Das Lob des Ober-Olympiers in Deutschland verzückte die zweimalige Weltmeisterin. "Das ist natürlich eine Riesenehre, wenn man hört, dass jemand so was über einen sagt", sagte Höfl-Riesch. Keine deutsche Skisportlerin hat mehr Olympia-Gold auf dem Konto als sie. Und zwei Möglichkeiten hat sie ja in Sotschi noch: Eine kleine Außenseiterchance im Riesenslalom am Dienstag ("Das einzige Rennen, wo ich ohne Druck drauf los fahren kann"), ganz gute Aussichten im Torlauf am Freitag.

"Egal, was jetzt noch passiert in der zweiten Woche: Ich fahre glücklich nach Hause", frohlockte die 29-Jährige. In der alpinen Olympia-Weltrangliste liegen vor Höfl-Riesch nur noch Janica Kostelic (Kroatien/4-2-0) und Vreni Schneider (Schweiz/3-1-1). An Seizinger (3-0-2) ist sie vorbei. "Das habe ich vorher schon gesagt, dass das nicht meine Hauptmotivation ist", betonte Höfl-Riesch. "Aber wenn es passiert, ist es schön, dass man da sozusagen in die Annalen eingeht."

Einzigartig ist ihre Karriere allemal. Allzu lange wird diese Laufbahn der Extra-Klasse zum Leidwesen der deutschen Alpinen nicht mehr andauern. Höfl-Riesch hofft bei der Frage nach dem richtigen Zeitpunkt zum Rücktritt auf "die göttliche Eingebung". Ihr Vater Siegfried Riesch sieht die Chance "50:50, dass Maria noch ein Jahr dranhängt". Im heimischen Garmisch-Partenkirchen fieberte er mit "hohem Puls und Blutdruck" mit, als die Tochter fast noch mehr als Silber gewann.

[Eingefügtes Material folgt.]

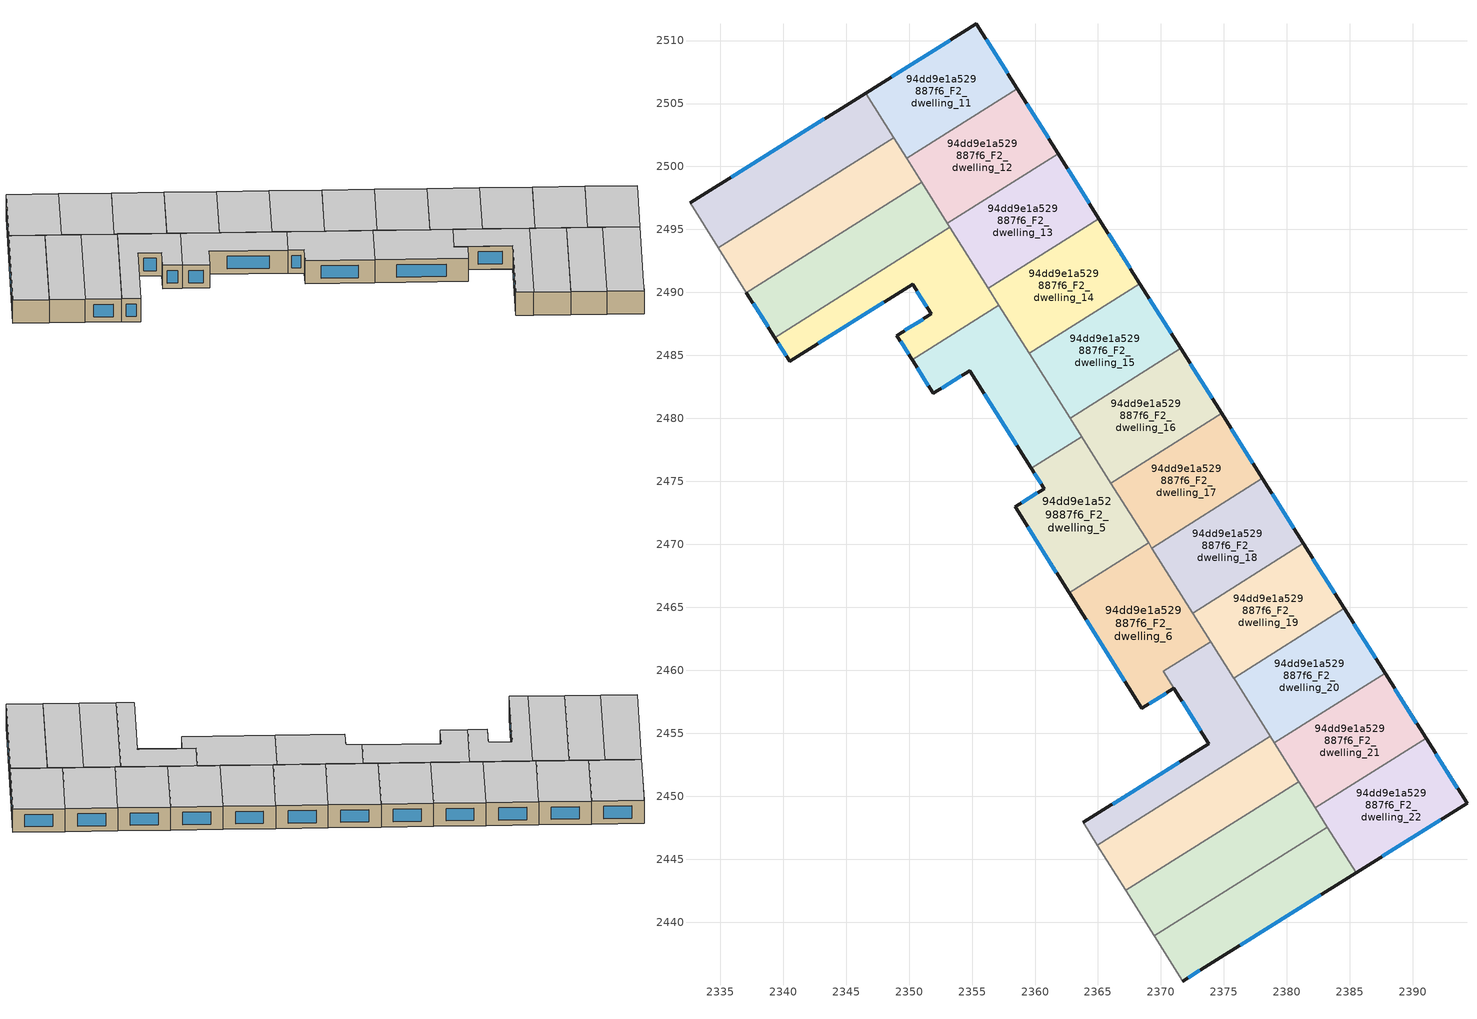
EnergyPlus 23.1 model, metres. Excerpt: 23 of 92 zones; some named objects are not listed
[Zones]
94dd9e1a529887f6_F2_dwelling_0
 floor to 94dd9e1a529887f6_F1_dwelling_0 (EU_floor_Construction): 2346.55,2505.82 2348.77,2502.29 2334.86,2493.53 2332.61,2497.11 z6
 wall outside (EU_wall_Construction): 2346.55,2505.82 2332.61,2497.11 z6:9
 wall to 94dd9e1a529887f6_F2_dwelling_1 (EU_wall_Construction): 2334.86,2493.53 2348.77,2502.29 z6:9
 wall adiabatic (EU_wall_Construction): 2332.61,2497.11 2334.86,2493.53 z6:9
 wall to 94dd9e1a529887f6_F2_dwelling_11 (EU_wall_Construction): 2348.77,2502.29 2346.55,2505.82 z6:9
 window (EU_Window_Construction): 2343.27,2503.77 2335.88,2499.15 z6.7:8.3
 ceiling to 94dd9e1a529887f6_F3_dwelling_0 (EU_floor_Construction): 2348.77,2502.29 2346.55,2505.82 2332.61,2497.11 2334.86,2493.53 z9
94dd9e1a529887f6_F2_dwelling_1
 floor to 94dd9e1a529887f6_F1_dwelling_1 (EU_floor_Construction): 2348.77,2502.29 2351.01,2498.73 2337.09,2489.98 2334.86,2493.53 z6
 wall to 94dd9e1a529887f6_F2_dwelling_2 (EU_wall_Construction): 2337.09,2489.98 2351.01,2498.73 z6:9
 wall adiabatic (EU_wall_Construction): 2334.86,2493.53 2337.09,2489.98 z6:9
 wall to 94dd9e1a529887f6_F2_dwelling_12 (EU_wall_Construction): 2351.01,2498.73 2349.8,2500.65 z6:9
 wall to 94dd9e1a529887f6_F2_dwelling_11 (EU_wall_Construction): 2349.8,2500.65 2348.77,2502.28 z6:9
 ceiling to 94dd9e1a529887f6_F3_dwelling_1 (EU_floor_Construction): 2351.01,2498.73 2348.77,2502.29 2334.86,2493.53 2337.09,2489.98 z9
94dd9e1a529887f6_F2_dwelling_10
 floor to 94dd9e1a529887f6_F1_dwelling_10 (EU_floor_Construction): 2383.21,2447.55 2385.49,2443.93 2373.47,2436.43 2371.74,2435.32 2369.48,2438.92 z6
 wall outside (EU_wall_Construction): 2371.74,2435.32 2373.47,2436.43 2385.49,2443.93 z6:9
 wall adiabatic (EU_wall_Construction): 2369.48,2438.92 2371.74,2435.32 z6:9
 wall to 94dd9e1a529887f6_F2_dwelling_9 (EU_wall_Construction): 2383.21,2447.55 2369.48,2438.92 z6:9
 wall to 94dd9e1a529887f6_F2_dwelling_22 (EU_wall_Construction): 2385.49,2443.93 2383.21,2447.55 z6:9
 window (EU_Window_Construction): 2376.29,2438.19 2382.67,2442.17 / 2372.15,2435.58 2373.07,2436.17 z6.7:8.3
 ceiling to 94dd9e1a529887f6_F3_dwelling_10 (EU_floor_Construction): 2385.49,2443.93 2383.21,2447.55 2369.48,2438.92 2371.74,2435.32 2373.47,2436.43 z9
94dd9e1a529887f6_F2_dwelling_11
 floor to 94dd9e1a529887f6_F1_dwelling_11 (EU_floor_Construction): 2355.35,2511.32 2358.59,2506.18 2349.8,2500.65 2346.55,2505.82 z6
 wall outside (EU_wall_Construction): 2358.59,2506.18 2355.35,2511.32 2346.55,2505.82 z6:9
 wall to 94dd9e1a529887f6_F2_dwelling_12 (EU_wall_Construction): 2349.8,2500.65 2358.59,2506.18 z6:9
 window (EU_Window_Construction): 2353.28,2510.03 2348.61,2507.11 / 2357.83,2507.39 2356.11,2510.11 z6.7:8.3
 ceiling to 94dd9e1a529887f6_F3_dwelling_11 (EU_floor_Construction): 2358.59,2506.18 2355.35,2511.32 2346.55,2505.82 2349.8,2500.65 z9
94dd9e1a529887f6_F2_dwelling_12
 floor to 94dd9e1a529887f6_F1_dwelling_12 (EU_floor_Construction): 2358.59,2506.18 2361.83,2501.02 2353.04,2495.49 2349.8,2500.65 z6
 wall outside (EU_wall_Construction): 2361.83,2501.02 2358.59,2506.18 z6:9
 wall to 94dd9e1a529887f6_F2_dwelling_13 (EU_wall_Construction): 2353.04,2495.49 2361.83,2501.02 z6:9
 wall to 94dd9e1a529887f6_F2_dwelling_2 (EU_wall_Construction): 2351.01,2498.73 2353.05,2495.49 z6:9
 window (EU_Window_Construction): 2361.07,2502.23 2359.35,2504.97 z6.7:8.3
 ceiling to 94dd9e1a529887f6_F3_dwelling_12 (EU_floor_Construction): 2361.83,2501.02 2358.59,2506.18 2349.8,2500.65 2353.04,2495.49 z9
94dd9e1a529887f6_F2_dwelling_13
 floor to 94dd9e1a529887f6_F1_dwelling_13 (EU_floor_Construction): 2361.83,2501.02 2365.08,2495.86 2356.29,2490.33 2353.04,2495.49 z6
 wall outside (EU_wall_Construction): 2365.08,2495.86 2361.83,2501.02 z6:9
 wall to 94dd9e1a529887f6_F2_dwelling_14 (EU_wall_Construction): 2356.29,2490.33 2365.08,2495.86 z6:9
 wall to 94dd9e1a529887f6_F2_dwelling_3 (EU_wall_Construction): 2353.24,2495.18 2356.29,2490.33 z6:9
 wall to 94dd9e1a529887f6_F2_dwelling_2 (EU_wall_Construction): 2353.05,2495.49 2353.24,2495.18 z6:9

Bis zur Einfahrt des Zielhanges hatte Höfl-Riesch "sogar Gold auf dem Fuß", wie es der Chef de Mission, Michael Vesper, ausdrückte. Doch ein dicker Fehler kostete viel Zeit. Im Ziel schaute Höfl-Riesch daher ungläubig auf die Anzeigetafel und sah sich als Zweite hinter Anna Fenninger und vor Nicole Hosp (beide Österreich). "Wahnsinn. Kurz habe ich noch überlegt, kann das ein Fehler sein? Und dann: Nein, das ist wirklich wahr", schilderte sie die Momente ihres nächsten Medaillengewinns. Und das auch noch im Super-G, in dem sie zuletzt vor drei Jahren gewann.

Am Tag nach dem "Schock" (Höfl-Riesch) mit dem Autounfall von Felix Neureuther lächelte auch der deutsche Alpindirektor Wolfgang Maier dank der langjährigen Erfolgsgarantin wieder. "Maria ist ab und zu unsere Wundertüte. Die kann innerhalb von so kurzer Zeit ihre Performance verändern, das ist auch für uns immer wieder überraschend", erklärte Maier. Das Team des Alpinchefs, der in den goldenen 1990er Jahren Trainer von Seizinger war, ist auf Kurs: Zwei der drei anvisierten Medaillen in den Bergen von Krasnaja Poljana stehen schon in der Bilanz.